Fig. 1: Identification of TET2 as a kidney disease risk gene.

a LocusZoom plots of eGFR GWAS (genotype and eGFRcrea association, n = 1,746,932) and fine mapping for chr4: 105,934,478-106,315,964. Each dot represents a SNP, with color indicating LD association. b LocusZoom plots of eGFR GWAS (genotype and eGFRcrea association, n = 2.2M), kidney CpG cg11878490 meQTL (genotype and cg11878490 methylation association, n = 443), and kidney TET2 eQTLs (genotype and TET2 expression association, n = 686)8. The y-axis displays the -log10 (p-values) of association tests from GWAS, meQTL, and eQTLs studies. c Genotype (rs6533181, x-axis) and normalized CpG methylation (cg11878490, y-axis) in human kidneys (n = 443).
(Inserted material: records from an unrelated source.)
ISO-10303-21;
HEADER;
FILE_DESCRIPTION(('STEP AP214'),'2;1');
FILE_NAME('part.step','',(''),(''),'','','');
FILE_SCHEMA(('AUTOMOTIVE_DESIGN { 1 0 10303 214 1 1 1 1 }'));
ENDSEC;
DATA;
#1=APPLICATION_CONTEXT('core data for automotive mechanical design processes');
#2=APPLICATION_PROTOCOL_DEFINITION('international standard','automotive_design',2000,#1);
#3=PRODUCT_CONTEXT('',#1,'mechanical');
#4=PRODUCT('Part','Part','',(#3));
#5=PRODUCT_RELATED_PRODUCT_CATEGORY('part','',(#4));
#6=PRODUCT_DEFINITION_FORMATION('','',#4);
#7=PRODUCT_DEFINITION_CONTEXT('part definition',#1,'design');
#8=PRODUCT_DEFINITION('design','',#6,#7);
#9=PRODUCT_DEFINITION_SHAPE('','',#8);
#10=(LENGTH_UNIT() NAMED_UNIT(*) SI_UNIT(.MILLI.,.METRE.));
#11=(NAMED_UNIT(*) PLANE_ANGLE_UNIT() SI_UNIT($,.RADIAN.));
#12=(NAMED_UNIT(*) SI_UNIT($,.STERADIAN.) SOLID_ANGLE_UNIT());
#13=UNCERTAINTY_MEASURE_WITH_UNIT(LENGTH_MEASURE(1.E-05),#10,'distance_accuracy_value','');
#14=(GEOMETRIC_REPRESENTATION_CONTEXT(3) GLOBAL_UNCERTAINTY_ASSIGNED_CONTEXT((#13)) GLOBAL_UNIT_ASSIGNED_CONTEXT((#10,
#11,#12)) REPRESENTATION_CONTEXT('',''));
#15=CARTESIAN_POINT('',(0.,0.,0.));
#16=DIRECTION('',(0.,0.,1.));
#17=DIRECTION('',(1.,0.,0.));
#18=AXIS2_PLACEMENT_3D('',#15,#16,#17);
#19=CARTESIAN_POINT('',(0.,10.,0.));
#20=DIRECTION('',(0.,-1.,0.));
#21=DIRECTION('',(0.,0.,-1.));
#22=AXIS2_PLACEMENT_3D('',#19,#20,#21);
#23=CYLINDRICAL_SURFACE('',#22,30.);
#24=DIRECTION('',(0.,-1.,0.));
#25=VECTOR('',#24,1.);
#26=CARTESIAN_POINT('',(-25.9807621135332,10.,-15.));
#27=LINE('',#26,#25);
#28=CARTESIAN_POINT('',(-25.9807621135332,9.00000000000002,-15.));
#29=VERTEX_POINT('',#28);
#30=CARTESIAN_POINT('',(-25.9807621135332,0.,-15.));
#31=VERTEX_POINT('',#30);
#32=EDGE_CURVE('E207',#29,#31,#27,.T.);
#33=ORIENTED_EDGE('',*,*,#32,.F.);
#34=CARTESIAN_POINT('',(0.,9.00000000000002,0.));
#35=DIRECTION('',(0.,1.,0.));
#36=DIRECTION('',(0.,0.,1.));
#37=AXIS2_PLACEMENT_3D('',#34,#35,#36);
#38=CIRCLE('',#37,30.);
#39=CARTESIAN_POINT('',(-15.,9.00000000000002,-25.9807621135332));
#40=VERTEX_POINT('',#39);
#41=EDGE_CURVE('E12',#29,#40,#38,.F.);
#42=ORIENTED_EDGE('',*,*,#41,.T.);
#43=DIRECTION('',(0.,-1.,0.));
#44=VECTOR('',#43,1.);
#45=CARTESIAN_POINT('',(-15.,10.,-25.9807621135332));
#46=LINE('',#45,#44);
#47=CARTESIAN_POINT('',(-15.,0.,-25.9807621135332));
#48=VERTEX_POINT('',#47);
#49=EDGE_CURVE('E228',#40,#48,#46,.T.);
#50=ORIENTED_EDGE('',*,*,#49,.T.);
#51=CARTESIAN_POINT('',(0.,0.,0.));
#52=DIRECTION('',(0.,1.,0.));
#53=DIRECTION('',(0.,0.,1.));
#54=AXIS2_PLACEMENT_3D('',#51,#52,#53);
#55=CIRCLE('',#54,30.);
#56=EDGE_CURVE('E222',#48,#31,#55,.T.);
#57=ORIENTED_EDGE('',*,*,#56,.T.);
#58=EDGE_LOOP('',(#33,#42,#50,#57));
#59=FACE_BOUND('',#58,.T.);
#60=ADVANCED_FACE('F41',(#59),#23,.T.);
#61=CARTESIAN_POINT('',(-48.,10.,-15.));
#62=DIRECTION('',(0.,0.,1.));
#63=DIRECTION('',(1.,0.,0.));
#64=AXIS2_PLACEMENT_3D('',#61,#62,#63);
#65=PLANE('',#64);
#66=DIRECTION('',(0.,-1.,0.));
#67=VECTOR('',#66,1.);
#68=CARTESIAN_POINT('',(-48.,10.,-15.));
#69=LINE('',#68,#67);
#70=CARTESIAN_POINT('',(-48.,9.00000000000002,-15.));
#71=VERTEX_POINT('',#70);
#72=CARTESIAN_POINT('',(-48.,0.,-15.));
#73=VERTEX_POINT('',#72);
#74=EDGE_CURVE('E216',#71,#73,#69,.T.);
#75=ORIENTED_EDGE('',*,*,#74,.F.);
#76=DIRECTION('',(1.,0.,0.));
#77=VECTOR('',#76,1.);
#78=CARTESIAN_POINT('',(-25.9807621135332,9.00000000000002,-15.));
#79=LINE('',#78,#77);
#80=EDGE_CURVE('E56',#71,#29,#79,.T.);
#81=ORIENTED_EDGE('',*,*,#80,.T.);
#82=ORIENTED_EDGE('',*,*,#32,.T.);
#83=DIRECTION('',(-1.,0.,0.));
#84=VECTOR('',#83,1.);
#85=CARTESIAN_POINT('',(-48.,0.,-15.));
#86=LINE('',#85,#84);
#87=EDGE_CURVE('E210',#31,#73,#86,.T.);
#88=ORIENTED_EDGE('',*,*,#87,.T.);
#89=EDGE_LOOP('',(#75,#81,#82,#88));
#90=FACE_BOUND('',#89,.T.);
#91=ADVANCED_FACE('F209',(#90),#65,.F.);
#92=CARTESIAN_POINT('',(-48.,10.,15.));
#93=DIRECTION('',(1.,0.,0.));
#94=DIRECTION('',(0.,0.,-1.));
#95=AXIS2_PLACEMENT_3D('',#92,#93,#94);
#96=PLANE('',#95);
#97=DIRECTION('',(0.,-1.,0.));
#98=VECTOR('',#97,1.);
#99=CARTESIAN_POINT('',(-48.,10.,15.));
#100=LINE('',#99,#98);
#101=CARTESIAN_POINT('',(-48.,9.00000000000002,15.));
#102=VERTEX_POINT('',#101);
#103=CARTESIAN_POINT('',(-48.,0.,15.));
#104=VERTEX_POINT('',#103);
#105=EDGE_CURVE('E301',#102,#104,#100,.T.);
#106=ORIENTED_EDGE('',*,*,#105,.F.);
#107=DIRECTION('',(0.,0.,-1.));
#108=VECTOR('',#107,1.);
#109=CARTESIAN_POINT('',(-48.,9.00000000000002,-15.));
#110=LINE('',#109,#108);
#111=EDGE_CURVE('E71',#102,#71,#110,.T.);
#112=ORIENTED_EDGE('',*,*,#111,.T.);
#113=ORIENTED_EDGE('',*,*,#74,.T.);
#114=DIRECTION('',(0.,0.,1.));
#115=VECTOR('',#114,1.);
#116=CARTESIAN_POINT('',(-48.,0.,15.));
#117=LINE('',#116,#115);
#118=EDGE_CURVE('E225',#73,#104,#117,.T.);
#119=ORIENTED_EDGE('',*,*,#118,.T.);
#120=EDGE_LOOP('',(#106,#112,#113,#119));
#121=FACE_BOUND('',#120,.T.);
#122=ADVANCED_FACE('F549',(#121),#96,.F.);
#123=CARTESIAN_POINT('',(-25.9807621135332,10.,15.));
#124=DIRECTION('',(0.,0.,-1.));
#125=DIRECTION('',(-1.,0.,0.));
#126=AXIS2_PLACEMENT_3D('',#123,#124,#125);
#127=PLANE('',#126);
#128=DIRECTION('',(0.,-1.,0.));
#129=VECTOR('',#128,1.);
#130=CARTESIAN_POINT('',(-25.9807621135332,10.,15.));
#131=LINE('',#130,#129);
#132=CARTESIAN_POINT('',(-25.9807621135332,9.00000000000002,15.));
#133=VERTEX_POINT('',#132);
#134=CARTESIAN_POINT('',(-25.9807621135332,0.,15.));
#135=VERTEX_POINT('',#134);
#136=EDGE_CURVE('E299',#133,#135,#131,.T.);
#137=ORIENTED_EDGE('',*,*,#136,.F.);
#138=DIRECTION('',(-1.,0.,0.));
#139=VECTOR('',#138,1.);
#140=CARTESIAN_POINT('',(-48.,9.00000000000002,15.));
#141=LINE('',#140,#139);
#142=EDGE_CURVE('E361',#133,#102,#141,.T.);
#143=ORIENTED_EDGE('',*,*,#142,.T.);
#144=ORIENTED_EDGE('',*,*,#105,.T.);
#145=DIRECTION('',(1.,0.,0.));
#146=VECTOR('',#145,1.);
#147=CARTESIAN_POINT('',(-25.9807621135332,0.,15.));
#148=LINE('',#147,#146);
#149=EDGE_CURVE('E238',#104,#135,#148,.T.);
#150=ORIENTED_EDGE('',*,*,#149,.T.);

The effect size (Beta) is 0.51. Center line represents the median, the box limits show 25th and 75th percentiles, and whiskers extend to 5th and 95th percentiles. P-value was derived from linear regression meQTL model. d From top: Gene browser view of the eGFR GWAS SNPs in the specified regions; single-nucleus Assay for Transposase-Accessible Chromatin using sequencing (snATAC-seq) analysis of chromatin accessibility of human kidneys, including S1, S2, and S3 segments of the proximal tubules (PT-S1, PT-S2, PT-S3), loop of Henle (LOH), distal convoluted tubule (DCT), connecting tubule (CNT), intercalated cells (IC), collecting duct principal cell types (PC), podocytes (Podo), endothelial cells (Endo), immune cells (Immune), lymphocyte (Lymph). Human kidney histone modifications by chromatin immunoprecipitation (ChIP-seq) and chromatin states are also shown. e Relative transcript levels of TET2 after CRISPR-mediated deletion of the locus, with a sample size of n = 3. GAPDH was used for normalization. Data are shown as mean ± SEM and were analyzed using one-way ANOVA followed by Tukey’s post hoc test for multigroup comparison. The diagram was created with BioRender.com. Source data are provided as a Source Data file.